> _DESCRIPTION OF THE TASK_
Pull from the data below each line where the word "ezdxf" occurs, and copy it.

> _DATA_
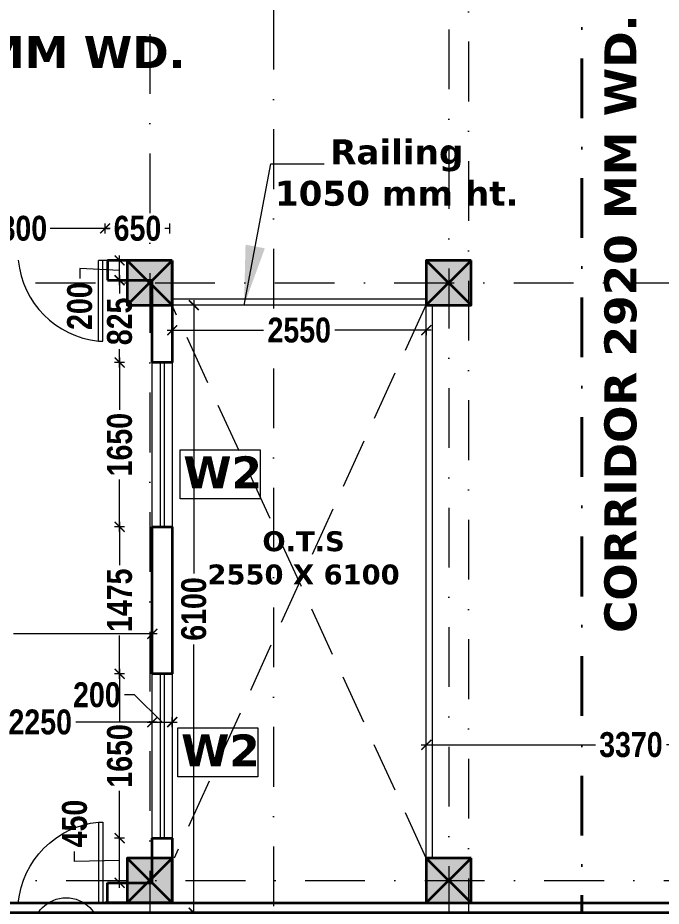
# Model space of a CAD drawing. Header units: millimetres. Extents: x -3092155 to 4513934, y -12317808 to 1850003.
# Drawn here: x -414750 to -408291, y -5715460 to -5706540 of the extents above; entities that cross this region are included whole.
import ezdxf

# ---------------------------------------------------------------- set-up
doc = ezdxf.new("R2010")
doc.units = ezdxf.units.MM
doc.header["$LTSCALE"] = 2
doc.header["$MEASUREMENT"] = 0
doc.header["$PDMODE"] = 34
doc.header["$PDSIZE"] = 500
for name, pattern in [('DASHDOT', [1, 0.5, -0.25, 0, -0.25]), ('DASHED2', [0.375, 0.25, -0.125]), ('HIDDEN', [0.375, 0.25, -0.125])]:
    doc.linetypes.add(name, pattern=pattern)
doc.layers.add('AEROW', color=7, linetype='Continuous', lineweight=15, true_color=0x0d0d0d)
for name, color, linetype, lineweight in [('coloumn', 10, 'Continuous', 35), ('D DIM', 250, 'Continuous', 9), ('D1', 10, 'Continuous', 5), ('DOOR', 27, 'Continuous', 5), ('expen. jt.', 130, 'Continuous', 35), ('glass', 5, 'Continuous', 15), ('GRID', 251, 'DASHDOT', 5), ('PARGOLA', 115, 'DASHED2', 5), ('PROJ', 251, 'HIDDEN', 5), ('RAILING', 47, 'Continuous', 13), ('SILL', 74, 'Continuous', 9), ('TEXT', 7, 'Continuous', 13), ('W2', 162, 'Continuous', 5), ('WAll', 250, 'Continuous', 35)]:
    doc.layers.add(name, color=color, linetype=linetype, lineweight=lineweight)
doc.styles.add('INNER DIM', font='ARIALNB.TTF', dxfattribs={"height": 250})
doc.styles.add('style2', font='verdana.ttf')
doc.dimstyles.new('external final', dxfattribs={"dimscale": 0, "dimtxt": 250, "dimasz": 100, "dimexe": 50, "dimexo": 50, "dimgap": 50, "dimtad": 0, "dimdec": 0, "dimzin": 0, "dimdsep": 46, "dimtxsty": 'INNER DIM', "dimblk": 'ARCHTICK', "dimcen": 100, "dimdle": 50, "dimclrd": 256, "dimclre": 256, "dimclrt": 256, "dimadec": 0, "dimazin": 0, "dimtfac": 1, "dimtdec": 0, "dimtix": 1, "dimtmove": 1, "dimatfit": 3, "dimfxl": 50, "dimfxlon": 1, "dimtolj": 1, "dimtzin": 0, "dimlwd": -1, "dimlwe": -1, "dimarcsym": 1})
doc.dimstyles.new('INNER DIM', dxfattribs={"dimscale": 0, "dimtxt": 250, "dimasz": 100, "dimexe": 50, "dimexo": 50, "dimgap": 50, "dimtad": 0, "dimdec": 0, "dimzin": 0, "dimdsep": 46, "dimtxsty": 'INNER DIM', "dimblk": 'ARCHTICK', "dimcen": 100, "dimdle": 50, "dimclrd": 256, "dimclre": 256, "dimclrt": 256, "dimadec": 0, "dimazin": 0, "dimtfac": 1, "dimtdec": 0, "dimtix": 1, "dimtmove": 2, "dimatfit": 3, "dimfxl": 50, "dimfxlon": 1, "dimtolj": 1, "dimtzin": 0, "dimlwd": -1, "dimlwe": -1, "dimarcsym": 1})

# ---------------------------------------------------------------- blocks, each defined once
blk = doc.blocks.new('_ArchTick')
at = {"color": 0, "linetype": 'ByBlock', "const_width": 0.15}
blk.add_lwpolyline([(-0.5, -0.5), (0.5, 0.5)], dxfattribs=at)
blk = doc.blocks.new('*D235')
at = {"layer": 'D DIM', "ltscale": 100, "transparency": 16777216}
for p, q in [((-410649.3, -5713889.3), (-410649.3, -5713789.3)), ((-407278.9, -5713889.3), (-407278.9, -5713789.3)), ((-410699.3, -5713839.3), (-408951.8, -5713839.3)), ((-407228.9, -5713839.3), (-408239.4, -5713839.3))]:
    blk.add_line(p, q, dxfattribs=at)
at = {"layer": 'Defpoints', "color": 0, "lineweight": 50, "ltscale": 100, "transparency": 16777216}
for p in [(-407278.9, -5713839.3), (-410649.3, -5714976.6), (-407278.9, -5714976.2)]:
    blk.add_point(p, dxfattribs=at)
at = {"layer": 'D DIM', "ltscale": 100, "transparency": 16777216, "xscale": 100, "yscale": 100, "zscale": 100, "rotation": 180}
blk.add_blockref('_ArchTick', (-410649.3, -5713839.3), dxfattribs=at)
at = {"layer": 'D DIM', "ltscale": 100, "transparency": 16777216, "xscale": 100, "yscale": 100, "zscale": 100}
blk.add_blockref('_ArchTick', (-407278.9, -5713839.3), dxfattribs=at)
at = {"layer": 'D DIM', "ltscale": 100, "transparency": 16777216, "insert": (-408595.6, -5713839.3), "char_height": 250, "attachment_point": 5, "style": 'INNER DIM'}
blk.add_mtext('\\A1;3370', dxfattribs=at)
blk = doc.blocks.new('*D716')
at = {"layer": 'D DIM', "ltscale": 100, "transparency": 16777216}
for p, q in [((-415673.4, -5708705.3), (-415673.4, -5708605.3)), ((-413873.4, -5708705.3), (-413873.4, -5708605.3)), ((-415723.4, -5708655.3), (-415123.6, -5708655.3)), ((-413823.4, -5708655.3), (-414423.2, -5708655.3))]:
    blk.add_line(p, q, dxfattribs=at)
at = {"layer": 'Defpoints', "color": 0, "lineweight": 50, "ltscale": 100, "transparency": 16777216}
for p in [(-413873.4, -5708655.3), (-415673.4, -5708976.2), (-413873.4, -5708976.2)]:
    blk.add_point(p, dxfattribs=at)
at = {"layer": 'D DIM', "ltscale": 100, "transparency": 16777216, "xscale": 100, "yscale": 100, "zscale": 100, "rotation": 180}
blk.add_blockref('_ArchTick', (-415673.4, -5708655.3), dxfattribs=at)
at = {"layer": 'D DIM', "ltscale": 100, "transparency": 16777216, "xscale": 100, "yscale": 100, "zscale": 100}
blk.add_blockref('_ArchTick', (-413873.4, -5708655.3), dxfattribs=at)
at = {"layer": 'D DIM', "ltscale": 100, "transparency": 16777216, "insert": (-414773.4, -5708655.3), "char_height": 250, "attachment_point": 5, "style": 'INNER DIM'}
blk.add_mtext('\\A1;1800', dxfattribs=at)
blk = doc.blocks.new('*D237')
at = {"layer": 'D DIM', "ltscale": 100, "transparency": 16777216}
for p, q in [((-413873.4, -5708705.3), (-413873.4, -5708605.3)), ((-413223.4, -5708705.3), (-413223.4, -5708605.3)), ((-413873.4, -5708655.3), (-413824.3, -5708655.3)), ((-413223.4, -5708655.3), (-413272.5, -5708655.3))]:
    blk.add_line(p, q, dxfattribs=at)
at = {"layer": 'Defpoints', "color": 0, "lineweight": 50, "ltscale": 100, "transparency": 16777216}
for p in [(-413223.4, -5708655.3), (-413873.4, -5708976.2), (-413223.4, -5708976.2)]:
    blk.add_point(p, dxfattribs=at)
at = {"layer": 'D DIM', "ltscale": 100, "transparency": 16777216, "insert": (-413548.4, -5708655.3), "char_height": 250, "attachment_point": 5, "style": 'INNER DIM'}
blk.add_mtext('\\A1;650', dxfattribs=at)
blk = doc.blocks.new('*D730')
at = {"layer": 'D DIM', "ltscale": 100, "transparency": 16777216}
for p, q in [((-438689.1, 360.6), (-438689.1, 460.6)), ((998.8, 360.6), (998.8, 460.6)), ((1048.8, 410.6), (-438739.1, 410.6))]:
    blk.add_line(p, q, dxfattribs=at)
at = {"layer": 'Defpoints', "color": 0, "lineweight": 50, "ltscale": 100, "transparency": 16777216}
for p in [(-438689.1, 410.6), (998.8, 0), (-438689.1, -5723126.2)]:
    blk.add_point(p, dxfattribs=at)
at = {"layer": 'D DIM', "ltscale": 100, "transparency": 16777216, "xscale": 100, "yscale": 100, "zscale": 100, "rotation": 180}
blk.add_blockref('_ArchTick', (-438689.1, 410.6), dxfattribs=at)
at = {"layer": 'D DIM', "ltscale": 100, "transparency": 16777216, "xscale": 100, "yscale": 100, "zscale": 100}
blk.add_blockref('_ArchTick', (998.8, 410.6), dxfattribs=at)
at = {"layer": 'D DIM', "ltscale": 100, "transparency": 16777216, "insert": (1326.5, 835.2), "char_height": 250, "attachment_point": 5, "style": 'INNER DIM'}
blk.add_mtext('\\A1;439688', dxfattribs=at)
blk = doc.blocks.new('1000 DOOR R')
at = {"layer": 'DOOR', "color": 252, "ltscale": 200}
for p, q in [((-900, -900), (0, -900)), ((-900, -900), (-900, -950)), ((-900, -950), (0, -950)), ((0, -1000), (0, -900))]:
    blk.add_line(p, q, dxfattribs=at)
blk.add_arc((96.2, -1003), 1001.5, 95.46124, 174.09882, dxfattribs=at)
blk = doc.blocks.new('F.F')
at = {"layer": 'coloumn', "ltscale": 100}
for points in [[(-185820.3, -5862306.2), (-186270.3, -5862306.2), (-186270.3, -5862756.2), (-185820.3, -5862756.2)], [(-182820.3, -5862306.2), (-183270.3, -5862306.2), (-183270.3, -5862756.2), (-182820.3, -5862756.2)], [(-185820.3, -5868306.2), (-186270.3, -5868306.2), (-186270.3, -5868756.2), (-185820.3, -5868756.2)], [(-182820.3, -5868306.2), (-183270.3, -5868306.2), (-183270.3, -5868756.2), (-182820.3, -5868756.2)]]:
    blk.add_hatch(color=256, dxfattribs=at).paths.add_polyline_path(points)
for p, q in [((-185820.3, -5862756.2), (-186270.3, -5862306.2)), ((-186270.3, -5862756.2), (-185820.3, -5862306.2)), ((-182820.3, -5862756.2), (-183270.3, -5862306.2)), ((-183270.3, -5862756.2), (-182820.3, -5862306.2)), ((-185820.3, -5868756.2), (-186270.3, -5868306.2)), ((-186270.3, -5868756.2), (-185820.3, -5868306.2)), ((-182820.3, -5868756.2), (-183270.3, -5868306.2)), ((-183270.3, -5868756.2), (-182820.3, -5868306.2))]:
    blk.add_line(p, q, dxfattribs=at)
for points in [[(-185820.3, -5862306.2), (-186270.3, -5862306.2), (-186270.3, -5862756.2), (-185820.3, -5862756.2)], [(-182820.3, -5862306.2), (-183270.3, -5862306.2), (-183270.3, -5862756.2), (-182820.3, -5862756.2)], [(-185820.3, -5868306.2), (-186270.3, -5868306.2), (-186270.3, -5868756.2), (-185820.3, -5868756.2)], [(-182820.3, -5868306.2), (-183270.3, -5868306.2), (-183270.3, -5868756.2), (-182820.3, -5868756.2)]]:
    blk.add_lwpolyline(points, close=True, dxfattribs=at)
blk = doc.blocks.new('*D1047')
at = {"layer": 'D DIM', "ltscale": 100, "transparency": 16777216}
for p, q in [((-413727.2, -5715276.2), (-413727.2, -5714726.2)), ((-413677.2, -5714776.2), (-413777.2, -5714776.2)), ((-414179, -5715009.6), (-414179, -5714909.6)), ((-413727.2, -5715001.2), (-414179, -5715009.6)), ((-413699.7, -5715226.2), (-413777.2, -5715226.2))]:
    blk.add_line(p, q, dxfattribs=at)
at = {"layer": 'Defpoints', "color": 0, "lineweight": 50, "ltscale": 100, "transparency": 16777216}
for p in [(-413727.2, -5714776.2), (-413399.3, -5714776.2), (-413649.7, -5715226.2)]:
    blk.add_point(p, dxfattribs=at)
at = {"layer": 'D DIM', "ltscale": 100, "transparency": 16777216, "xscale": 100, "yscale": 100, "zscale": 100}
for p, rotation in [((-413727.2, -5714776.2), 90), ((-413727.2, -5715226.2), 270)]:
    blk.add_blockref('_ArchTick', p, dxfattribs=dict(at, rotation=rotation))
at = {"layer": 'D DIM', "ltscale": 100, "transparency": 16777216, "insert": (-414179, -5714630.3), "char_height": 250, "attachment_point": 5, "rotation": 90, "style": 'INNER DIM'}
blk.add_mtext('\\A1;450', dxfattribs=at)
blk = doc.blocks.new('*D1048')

> _RESULT FOR THIS TASK_
import ezdxf
doc = ezdxf.new("R2010")
doc.units = ezdxf.units.MM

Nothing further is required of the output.